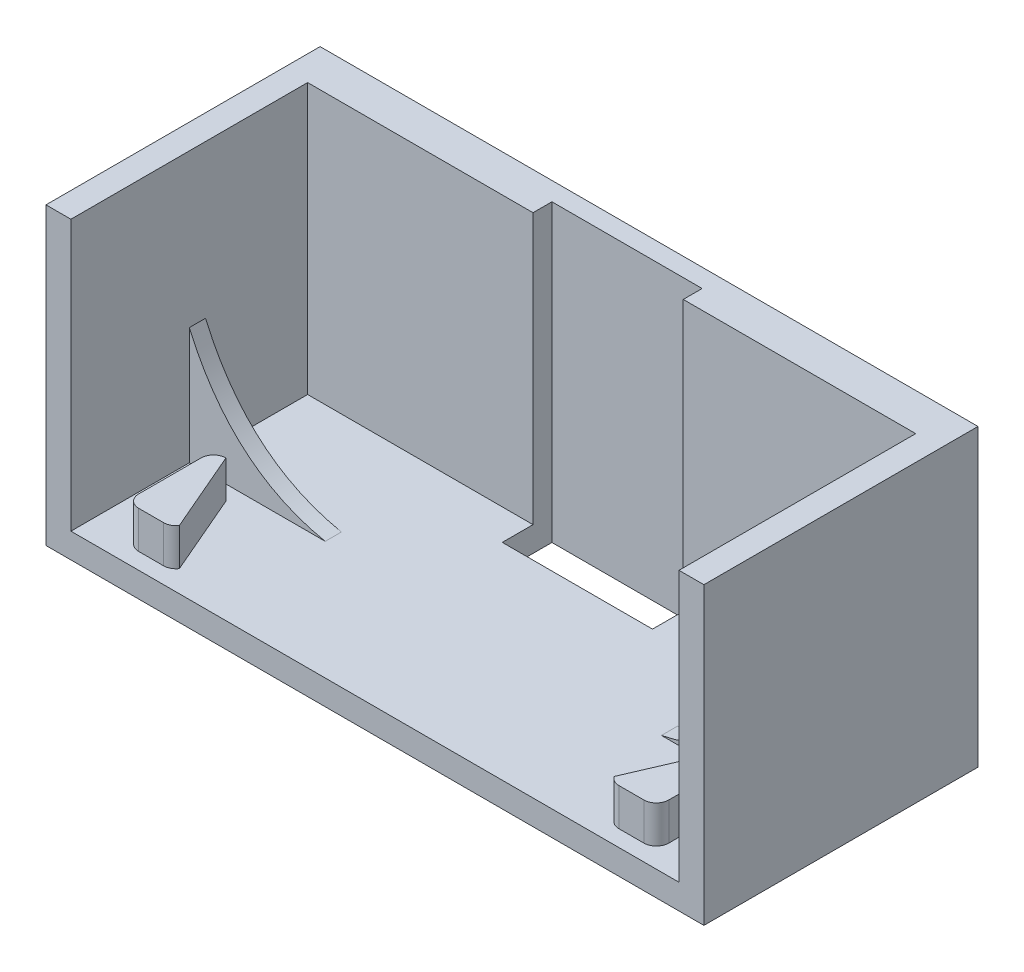
from build123d import *

# Parameters (mm, degrees)
SALIENTE_EXTRUIR1_DEPTH = 19
CROQUIS3_W              = 52.808095268
CROQUIS3_H              = 23.684781413
SALIENTE_EXTRUIR2_DEPTH = 3
CROQUIS4_W              = 12.057899081
CROQUIS4_H              = 3.984349261
CORTAR_EXTRUIR1_DEPTH   = 26
SALIENTE_EXTRUIR3_DEPTH = 3
SALIENTE_EXTRUIR4_DEPTH = 1.3


with BuildPart() as part:
    # Croquis1 → Saliente-Extruir1 (new body)
    with BuildSketch(Plane.XY):
        Polygon((-24.404047634, 20.4), (-24.404047634, -1.284781413), (24.404047634, -1.284781413), (24.404047634, 20.4), (26.404047634, 20.4), (26.404047634, -3.284781413), (-26.404047634, -3.284781413), (-26.404047634, 20.4), align=None)
    extrude(amount=-SALIENTE_EXTRUIR1_DEPTH)

    # Croquis3 → Saliente-Extruir2 (add)
    with BuildSketch(Plane(origin=(0, 0, -19), x_dir=(-1, 0, 0), z_dir=(0, 0, -1))):
        with Locations((0, 8.557609294)):
            Rectangle(CROQUIS3_W, CROQUIS3_H)
    extrude(amount=SALIENTE_EXTRUIR2_DEPTH)

    # Croquis4 → Cortar-Extruir1 (cut)
    with BuildSketch(Plane.XZ.offset(3.284781413)):
        with Locations((-0.283990929, -18.525322076)):
            Rectangle(CROQUIS4_W, CROQUIS4_H)
    extrude(amount=-CORTAR_EXTRUIR1_DEPTH, mode=Mode.SUBTRACT)

    # Croquis8 → Saliente-Extruir3 (add)
    with BuildSketch(Plane(origin=(0, -1.284781413, 0), x_dir=(1, 0, 0), z_dir=(0, 1, 0))):
        with BuildLine():
            Line((-20.273206473, 1.311556937), (-18.273206473, 1.311556937))
            ThreePointArc((-18.273206473, 1.311556937), (-17.806113325, 1.427348822), (-17.447191369, 1.747908954))
            Line((-17.447191369, 1.747908954), (-20.273206473, 8.311556937))
            ThreePointArc((-20.273206473, 8.311556937), (-20.980313254, 8.018663718), (-21.273206473, 7.311556937))
            Line((-21.273206473, 7.311556937), (-21.273206473, 2.311556937))
            ThreePointArc((-21.273206473, 2.311556937), (-20.980313254, 1.604450156), (-20.273206473, 1.311556937))
        make_face()
        with BuildLine():
            Line((20.273206473, 1.311556937), (18.273206473, 1.311556937))
            ThreePointArc((18.273206473, 1.311556937), (17.806113325, 1.427348822), (17.447191369, 1.747908954))
            Line((17.447191369, 1.747908954), (20.273206473, 8.311556937))
            ThreePointArc((20.273206473, 8.311556937), (20.980313254, 8.018663718), (21.273206473, 7.311556937))
            Line((21.273206473, 7.311556937), (21.273206473, 2.311556937))
            ThreePointArc((21.273206473, 2.311556937), (20.980313254, 1.604450156), (20.273206473, 1.311556937))
        make_face()
    extrude(amount=SALIENTE_EXTRUIR3_DEPTH)

    # Croquis9 → Saliente-Extruir4 (add)
    with BuildSketch(Plane(origin=(0, 0, -9.5), x_dir=(-1, 0, 0), z_dir=(0, 0, -1))):
        with BuildLine():
            Line((24.404047634, -1.284781413), (13.491213659, -1.284781413))
            add(Edge.make_bspline(
                [(24.404047634, 8.114982057), (20.954967317, 0.215218587), (13.491213659, -1.284781413)],
                knots=[0, 0, 0, 1, 1, 1], degree=2))
            Line((24.404047634, 8.114982057), (24.404047634, -1.284781413))
        make_face()
        with BuildLine():
            Line((-24.404047634, -1.284781413), (-13.491213659, -1.284781413))
            add(Edge.make_bspline(
                [(-24.404047634, 8.114982057), (-20.954967317, 0.215218587), (-13.491213659, -1.284781413)],
                knots=[0, 0, 0, 1, 1, 1], degree=2))
            Line((-24.404047634, 8.114982057), (-24.404047634, -1.284781413))
        make_face()
    extrude(amount=SALIENTE_EXTRUIR4_DEPTH)


solid = part.part

> [Work instructions] The data must be repeated exactly. Any pictures in it are to be left out.

> [Your solution]
from build123d import *

# Parameters (mm, degrees)
SALIENTE_EXTRUIR1_DEPTH = 19
CROQUIS3_W              = 52.808095268
CROQUIS3_H              = 23.684781413
SALIENTE_EXTRUIR2_DEPTH = 3
CROQUIS4_W              = 12.057899081
CROQUIS4_H              = 3.984349261
CORTAR_EXTRUIR1_DEPTH   = 26
SALIENTE_EXTRUIR3_DEPTH = 3
SALIENTE_EXTRUIR4_DEPTH = 1.3


with BuildPart() as part:
    # Croquis1 → Saliente-Extruir1 (new body)
    with BuildSketch(Plane.XY):
        Polygon((-24.404047634, 20.4), (-24.404047634, -1.284781413), (24.404047634, -1.284781413), (24.404047634, 20.4), (26.404047634, 20.4), (26.404047634, -3.284781413), (-26.404047634, -3.284781413), (-26.404047634, 20.4), align=None)
    extrude(amount=-SALIENTE_EXTRUIR1_DEPTH)

    # Croquis3 → Saliente-Extruir2 (add)
    with BuildSketch(Plane(origin=(0, 0, -19), x_dir=(-1, 0, 0), z_dir=(0, 0, -1))):
        with Locations((0, 8.557609294)):
            Rectangle(CROQUIS3_W, CROQUIS3_H)
    extrude(amount=SALIENTE_EXTRUIR2_DEPTH)

    # Croquis4 → Cortar-Extruir1 (cut)
    with BuildSketch(Plane.XZ.offset(3.284781413)):
        with Locations((-0.283990929, -18.525322076)):
            Rectangle(CROQUIS4_W, CROQUIS4_H)
    extrude(amount=-CORTAR_EXTRUIR1_DEPTH, mode=Mode.SUBTRACT)

    # Croquis8 → Saliente-Extruir3 (add)
    with BuildSketch(Plane(origin=(0, -1.284781413, 0), x_dir=(1, 0, 0), z_dir=(0, 1, 0))):
        with BuildLine():
            Line((-20.273206473, 1.311556937), (-18.273206473, 1.311556937))
            ThreePointArc((-18.273206473, 1.311556937), (-17.806113325, 1.427348822), (-17.447191369, 1.747908954))
            Line((-17.447191369, 1.747908954), (-20.273206473, 8.311556937))
            ThreePointArc((-20.273206473, 8.311556937), (-20.980313254, 8.018663718), (-21.273206473, 7.311556937))
            Line((-21.273206473, 7.311556937), (-21.273206473, 2.311556937))
            ThreePointArc((-21.273206473, 2.311556937), (-20.980313254, 1.604450156), (-20.273206473, 1.311556937))
        make_face()
        with BuildLine():
            Line((20.273206473, 1.311556937), (18.273206473, 1.311556937))
            ThreePointArc((18.273206473, 1.311556937), (17.806113325, 1.427348822), (17.447191369, 1.747908954))
            Line((17.447191369, 1.747908954), (20.273206473, 8.311556937))
            ThreePointArc((20.273206473, 8.311556937), (20.980313254, 8.018663718), (21.273206473, 7.311556937))
            Line((21.273206473, 7.311556937), (21.273206473, 2.311556937))
            ThreePointArc((21.273206473, 2.311556937), (20.980313254, 1.604450156), (20.273206473, 1.311556937))
        make_face()
    extrude(amount=SALIENTE_EXTRUIR3_DEPTH)

    # Croquis9 → Saliente-Extruir4 (add)
    with BuildSketch(Plane(origin=(0, 0, -9.5), x_dir=(-1, 0, 0), z_dir=(0, 0, -1))):
        with BuildLine():
            Line((24.404047634, -1.284781413), (13.491213659, -1.284781413))
            add(Edge.make_bspline(
                [(24.404047634, 8.114982057), (20.954967317, 0.215218587), (13.491213659, -1.284781413)],
                knots=[0, 0, 0, 1, 1, 1], degree=2))
            Line((24.404047634, 8.114982057), (24.404047634, -1.284781413))
        make_face()
        with BuildLine():
            Line((-24.404047634, -1.284781413), (-13.491213659, -1.284781413))
            add(Edge.make_bspline(
                [(-24.404047634, 8.114982057), (-20.954967317, 0.215218587), (-13.491213659, -1.284781413)],
                knots=[0, 0, 0, 1, 1, 1], degree=2))
            Line((-24.404047634, 8.114982057), (-24.404047634, -1.284781413))
        make_face()
    extrude(amount=SALIENTE_EXTRUIR4_DEPTH)


solid = part.part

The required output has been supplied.